Потому что вместо новой темы Одна злобная рэппериха подарила Одному злобному рэпперу треппер.
А двенадцать мудрых лабухов были после этого случая замечены выходившими из аптеки.

* * *

Однажды Один злобный рэппер услышал, как двенадцать мудрых лабухов читают рэп на сцене кабака и обвинил их в том, что они так хорошо читают рэп, а никогда не пользуются этой разновидностью высокого искусства.
А двенадцать мудрых лабухов вовсе тогда не читали рэп. 
Они парнас делили.

* * *

Однажды двенадцать мудрых лабухов купили себе микшер на двенадцать микрофонных входов и целый месяц потом друг с другом не разговаривали.
Потому что долго не могли решить, чья ручка громкости главнее.
А Один злобный рэппер очень над ними смеялся, потом от смеха откусил микрофон от гарнитуры и со злости прочитал всего "Дядю Стёпу" под музыку Тимати на кельтском языке.

* * *

Один мудрый рэппер и двенадцать злобных лабухов...
...а вот это уже сказка.

* * *

Один злобный рэппер решил податься в двенадцать мудрых лабухов, но не прошёл фейс-контроль.
Двенадцать мудрых лабухов политкорректно сказали ему, что он иногда свой фейс не контролирует.
А Один злобный рэппер очень на двенадцать мудрых лабухов за это обиделся, напился рэппер-колы и попал в милицию за то, что голым читал в электричке свой новый рэп про Моисеева "Йо, шкарала, Боря бабою была".

* * *

Однажды Один злобный рэппер перепил энергетического напитка.
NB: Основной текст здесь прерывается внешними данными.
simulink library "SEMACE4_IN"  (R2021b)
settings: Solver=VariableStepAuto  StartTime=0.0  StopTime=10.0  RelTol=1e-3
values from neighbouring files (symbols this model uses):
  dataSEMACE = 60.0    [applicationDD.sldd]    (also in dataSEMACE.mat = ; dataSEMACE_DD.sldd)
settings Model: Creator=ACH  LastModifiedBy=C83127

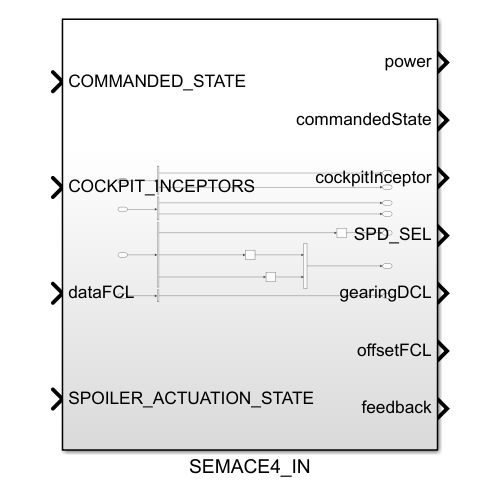
[thumbnail: Simulink's stored preview of the top-level diagram]
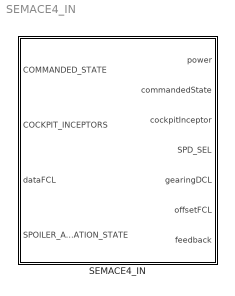
== system SEMACE4_IN ==
  SEMACE4_IN : Subsystem

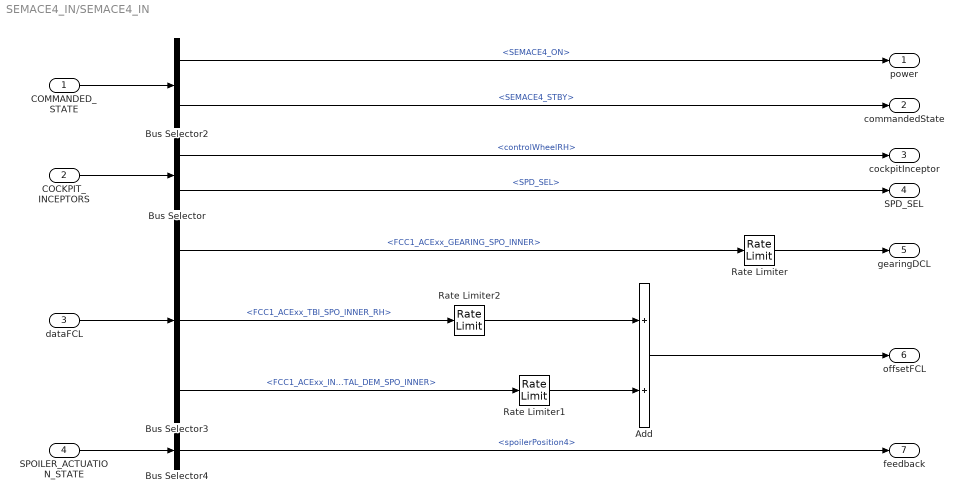
== system SEMACE4_IN/SEMACE4_IN ==
  COMMANDED_STATE : Inport  OutDataTypeStr=Bus: COMMANDED_STATE
  COCKPIT_INCEPTORS : Inport  Port=2  OutDataTypeStr=Bus: COCKPIT_INCEPTORS
  dataFCL : Inport  Port=3  OutDataTypeStr=Bus: FCC1_TC_TX_12_SPOILER_INNER
  SPOILER_ACTUATION_STATE : Inport  Port=4  OutDataTypeStr=Bus: SPOILER_ACTUATION_STATE
  Add : Sum
  Bus Selector : BusSelector  OutputSignals=controlWheelRH,SPD_SEL
  Bus Selector2 : BusSelector  OutputSignals=SEMACE4_ON,SEMACE4_STBY
  Bus Selector3 : BusSelector  OutputSignals=FCC1_ACExx_GEARING_SPO_INNER,FCC1_ACExx_TBI_SPO_INNER_RH,FCC1_ACExx_INCREMENTAL_DEM_SPO_INNER
  Bus Selector4 : BusSelector  OutputSignals=spoilerPosition4
  Rate Limiter : RateLimiter  RisingSlewLimit=dataSEMACE.rateLimiterGearing  FallingSlewLimit=-dataSEMACE.rateLimiterGearing  SampleTimeMode=inherited
      settings: AttributesFormatString=|
      | %<RisingSlewLimit>
      | %<FallingSlewLimit>
  Rate Limiter1 : RateLimiter  RisingSlewLimit=dataSEMACE.rateLimiterSymmetric  FallingSlewLimit=-dataSEMACE.rateLimiterSymmetric  SampleTimeMode=inherited
      settings: AttributesFormatString=|
      | %<RisingSlewLimit>
      | %<FallingSlewLimit>
  Rate Limiter2 : RateLimiter  RisingSlewLimit=dataSEMACE.rateLimiterTBI  FallingSlewLimit=-dataSEMACE.rateLimiterTBI  SampleTimeMode=inherited
      settings: AttributesFormatString=|
      | %<RisingSlewLimit>
      | %<FallingSlewLimit>
  power : Outport
  commandedState : Outport  Port=2
  cockpitInceptor : Outport  Port=3
  SPD_SEL : Outport  Port=4
  gearingDCL : Outport  Port=5
  offsetFCL : Outport  Port=6
  feedback : Outport  Port=7
  wires:
  Bus Selector3/2 -> Rate Limiter2/1  "<FCC1_ACExx_TBI_SPO_INNER_RH>"
  Add/1 -> offsetFCL/1
  Bus Selector3/3 -> Rate Limiter1/1  "<FCC1_ACExx_INCREMENTAL_DEM_SPO_INNER>"
  SPOILER_ACTUATION_STATE/1 -> Bus Selector4/1
  Bus Selector2/1 -> power/1  "<SEMACE4_ON>"
  Bus Selector4/1 -> feedback/1  "<spoilerPosition4>"
  COMMANDED_STATE/1 -> Bus Selector2/1
  dataFCL/1 -> Bus Selector3/1
  COCKPIT_INCEPTORS/1 -> Bus Selector/1
  Bus Selector/1 -> cockpitInceptor/1  "<controlWheelRH>"
  Bus Selector3/1 -> Rate Limiter/1  "<FCC1_ACExx_GEARING_SPO_INNER>"
  Rate Limiter1/1 -> Add/2
  Rate Limiter/1 -> gearingDCL/1
  Rate Limiter2/1 -> Add/1
  Bus Selector2/2 -> commandedState/1  "<SEMACE4_STBY>"
  Bus Selector/2 -> SPD_SEL/1  "<SPD_SEL>"
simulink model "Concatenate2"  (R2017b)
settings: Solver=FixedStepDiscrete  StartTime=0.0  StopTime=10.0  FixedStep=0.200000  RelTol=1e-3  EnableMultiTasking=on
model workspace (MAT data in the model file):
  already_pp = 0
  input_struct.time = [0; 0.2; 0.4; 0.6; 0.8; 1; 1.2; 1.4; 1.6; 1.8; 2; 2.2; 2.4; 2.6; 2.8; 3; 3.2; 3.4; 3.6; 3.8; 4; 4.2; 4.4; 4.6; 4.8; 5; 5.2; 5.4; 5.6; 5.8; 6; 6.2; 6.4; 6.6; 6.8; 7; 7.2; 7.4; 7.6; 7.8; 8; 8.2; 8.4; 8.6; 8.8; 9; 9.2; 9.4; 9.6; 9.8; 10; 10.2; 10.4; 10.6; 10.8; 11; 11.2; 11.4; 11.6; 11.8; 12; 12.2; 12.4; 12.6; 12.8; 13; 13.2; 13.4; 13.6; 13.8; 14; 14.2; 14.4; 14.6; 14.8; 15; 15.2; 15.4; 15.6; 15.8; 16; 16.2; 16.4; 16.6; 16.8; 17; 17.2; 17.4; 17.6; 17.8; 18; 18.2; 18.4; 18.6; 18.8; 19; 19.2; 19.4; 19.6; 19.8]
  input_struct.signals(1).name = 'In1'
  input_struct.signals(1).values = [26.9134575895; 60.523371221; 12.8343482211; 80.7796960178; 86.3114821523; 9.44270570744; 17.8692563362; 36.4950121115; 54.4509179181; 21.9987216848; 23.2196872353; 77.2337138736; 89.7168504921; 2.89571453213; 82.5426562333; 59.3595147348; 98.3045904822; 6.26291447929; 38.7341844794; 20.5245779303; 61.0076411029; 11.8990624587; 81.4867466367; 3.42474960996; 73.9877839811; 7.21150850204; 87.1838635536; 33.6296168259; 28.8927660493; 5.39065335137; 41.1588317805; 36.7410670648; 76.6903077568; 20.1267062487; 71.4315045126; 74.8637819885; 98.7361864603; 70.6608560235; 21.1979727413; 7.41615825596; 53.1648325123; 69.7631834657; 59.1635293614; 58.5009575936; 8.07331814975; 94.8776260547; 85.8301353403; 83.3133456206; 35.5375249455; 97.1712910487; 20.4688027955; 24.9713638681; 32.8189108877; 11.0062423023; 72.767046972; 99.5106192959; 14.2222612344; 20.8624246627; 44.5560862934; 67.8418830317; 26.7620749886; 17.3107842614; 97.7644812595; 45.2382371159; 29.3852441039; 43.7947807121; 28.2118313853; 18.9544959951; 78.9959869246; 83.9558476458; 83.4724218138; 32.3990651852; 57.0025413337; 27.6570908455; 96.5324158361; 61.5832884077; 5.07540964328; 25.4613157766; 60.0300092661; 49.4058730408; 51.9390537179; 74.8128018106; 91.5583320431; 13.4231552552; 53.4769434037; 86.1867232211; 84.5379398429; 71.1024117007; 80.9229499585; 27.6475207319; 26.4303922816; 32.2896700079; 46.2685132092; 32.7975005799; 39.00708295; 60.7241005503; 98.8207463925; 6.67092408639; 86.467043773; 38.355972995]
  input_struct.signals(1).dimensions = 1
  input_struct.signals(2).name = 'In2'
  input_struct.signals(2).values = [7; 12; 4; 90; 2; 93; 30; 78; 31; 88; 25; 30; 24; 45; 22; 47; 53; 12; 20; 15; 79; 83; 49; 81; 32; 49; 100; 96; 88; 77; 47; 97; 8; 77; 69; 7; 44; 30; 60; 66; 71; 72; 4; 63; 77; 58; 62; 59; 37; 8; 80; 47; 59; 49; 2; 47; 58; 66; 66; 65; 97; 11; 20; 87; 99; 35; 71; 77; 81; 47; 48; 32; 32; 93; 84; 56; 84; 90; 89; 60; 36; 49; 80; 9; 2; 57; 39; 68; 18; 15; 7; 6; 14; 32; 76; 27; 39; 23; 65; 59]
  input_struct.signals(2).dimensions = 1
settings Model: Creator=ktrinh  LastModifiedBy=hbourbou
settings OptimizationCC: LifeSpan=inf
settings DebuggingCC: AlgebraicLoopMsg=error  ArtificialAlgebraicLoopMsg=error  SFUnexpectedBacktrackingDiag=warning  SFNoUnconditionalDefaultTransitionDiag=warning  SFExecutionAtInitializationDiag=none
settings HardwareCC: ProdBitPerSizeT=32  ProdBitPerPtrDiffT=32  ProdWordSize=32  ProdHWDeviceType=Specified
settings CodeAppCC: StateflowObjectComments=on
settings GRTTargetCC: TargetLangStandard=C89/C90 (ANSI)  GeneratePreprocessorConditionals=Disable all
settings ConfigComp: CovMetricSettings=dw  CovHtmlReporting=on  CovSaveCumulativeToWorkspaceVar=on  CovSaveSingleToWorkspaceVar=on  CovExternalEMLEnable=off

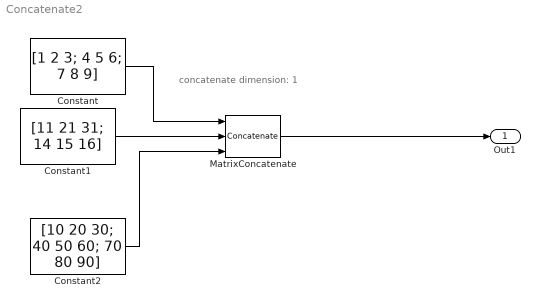
== system Concatenate2 ==
  note: concatenate dimension: 1
  Constant : Constant  Value=[1 2 3; 4 5 6; 7 8 9]
  Constant1 : Constant  Value=[11 21 31; 14 15 16]
  Constant2 : Constant  Value=[10 20 30; 40 50 60; 70 80 90]
  MatrixConcatenate : Concatenate  NumInputs=3  Mode=Multidimensional array
  Out1 : Outport
  wires:
  Constant/1 -> MatrixConcatenate/1
  MatrixConcatenate/1 -> Out1/1
  Constant2/1 -> MatrixConcatenate/3
  Constant1/1 -> MatrixConcatenate/2

И попёрла у него энергия. Изо рта прёт, из ушей прёт, из попы - тоже прёт.
Только двенадцать мудрых лабухов не понимали перения энергии из попы и твердили ему, что-де тот банально обосрался.
Один злобный рэппер очень на них озлился, кричал, что те ничего не понимают в энергетике.
А двенадцать мудрых лабухов сказали ему, что они не чубайсы, чтобы в энергетике понимать. А если энергия прёт из попы, то это - попса, а не энергия.

* * *

Один злобный рэппер никак не мог придумать название своему новому рэпу.
Уж и в затылке чесал, и анашу курил, даже кондукторшу в автобусе по рассеяности на "Вы" назвал - ничего не помогает.
Тогда он пришёл за советом к Двенадцати мудрым лабухам. А те в это время чинили свой парнасоник. И не было времени у них Одним злобным рэппером заниматься. И они ему ответили сквозь отвёртки: "Ну... да... ващет... ты... это ж... опа!"
Вот так и появился у Одного злобного рэппера новый рэп "Это ****".

* * *

Однажды у Одного злобного рэппера поклонницы в гримёрке украли носки.
Он пришёл к Двенадцати мудрым лабухам и сказал: -Ребята, дайте мне пару носок!
И снова получил по обеим соплям.
Потому что Двенадцати мудрым лабухам послышалось, что он сказал: ребята, дайте мне парнасок.
А на чужой парнас рот не разевас.

----------


## PAN

Блин... я чуть не порвался...:biggrin:

----------


## Лев

Злобных рэпперов не счесть: http://www.realmusic.ru/newmusic/rap_hiphop/

----------


## overload

*Лев*,
 Неее, ЛёвушКО!!!
Там много рэпперов, но самый главный - Один злобный - тама не тусуется!
ЗЫ. А за сцылку спасибо - мне как раз вечером перед сном надо расслабиться, поржать...

----------


## Alenajazz

Пришёл один злобный рэппер к великому гуру всех рэпперов - к Винни-Пуху:
- Почему я не так популярен, как ты, Винни??? Почему я не создал ни одного великого шедевра, который бы знали все, типа твоего "Вот горшок пустой...?"
Ничего ему не ответил мудрый Винни-Пух, сидя за роялем. А в это время Пятачок настраивал гитару. Ослик Иа достал из того знаменитого горшка, который ему подарили на День рождения, микшер. Никто не замечал злобного рэппера. В ресторане "В гостях у Кролика" собиралась благодарная публика, ведь сегодня будет концерт живаго!!!!

----------


## overload

*Alenajazz*,
 Алён...
Один злобный рэппер пишется с Большой Буквы - Один злобный рэппер! :smile:
И читается тоже с большой!
И сам читает только большие буквы, маленькие не выучил патамушта.

----------


## Alenajazz

Да мне на рэпперов фиолетово. Я просто вспомнила, что первый рэппер - Винни-Пух. Да и тот, видишь, лабухом стал!

----------


## Лев

> Я просто вспомнила, что первый рэппер - Винни-Пух.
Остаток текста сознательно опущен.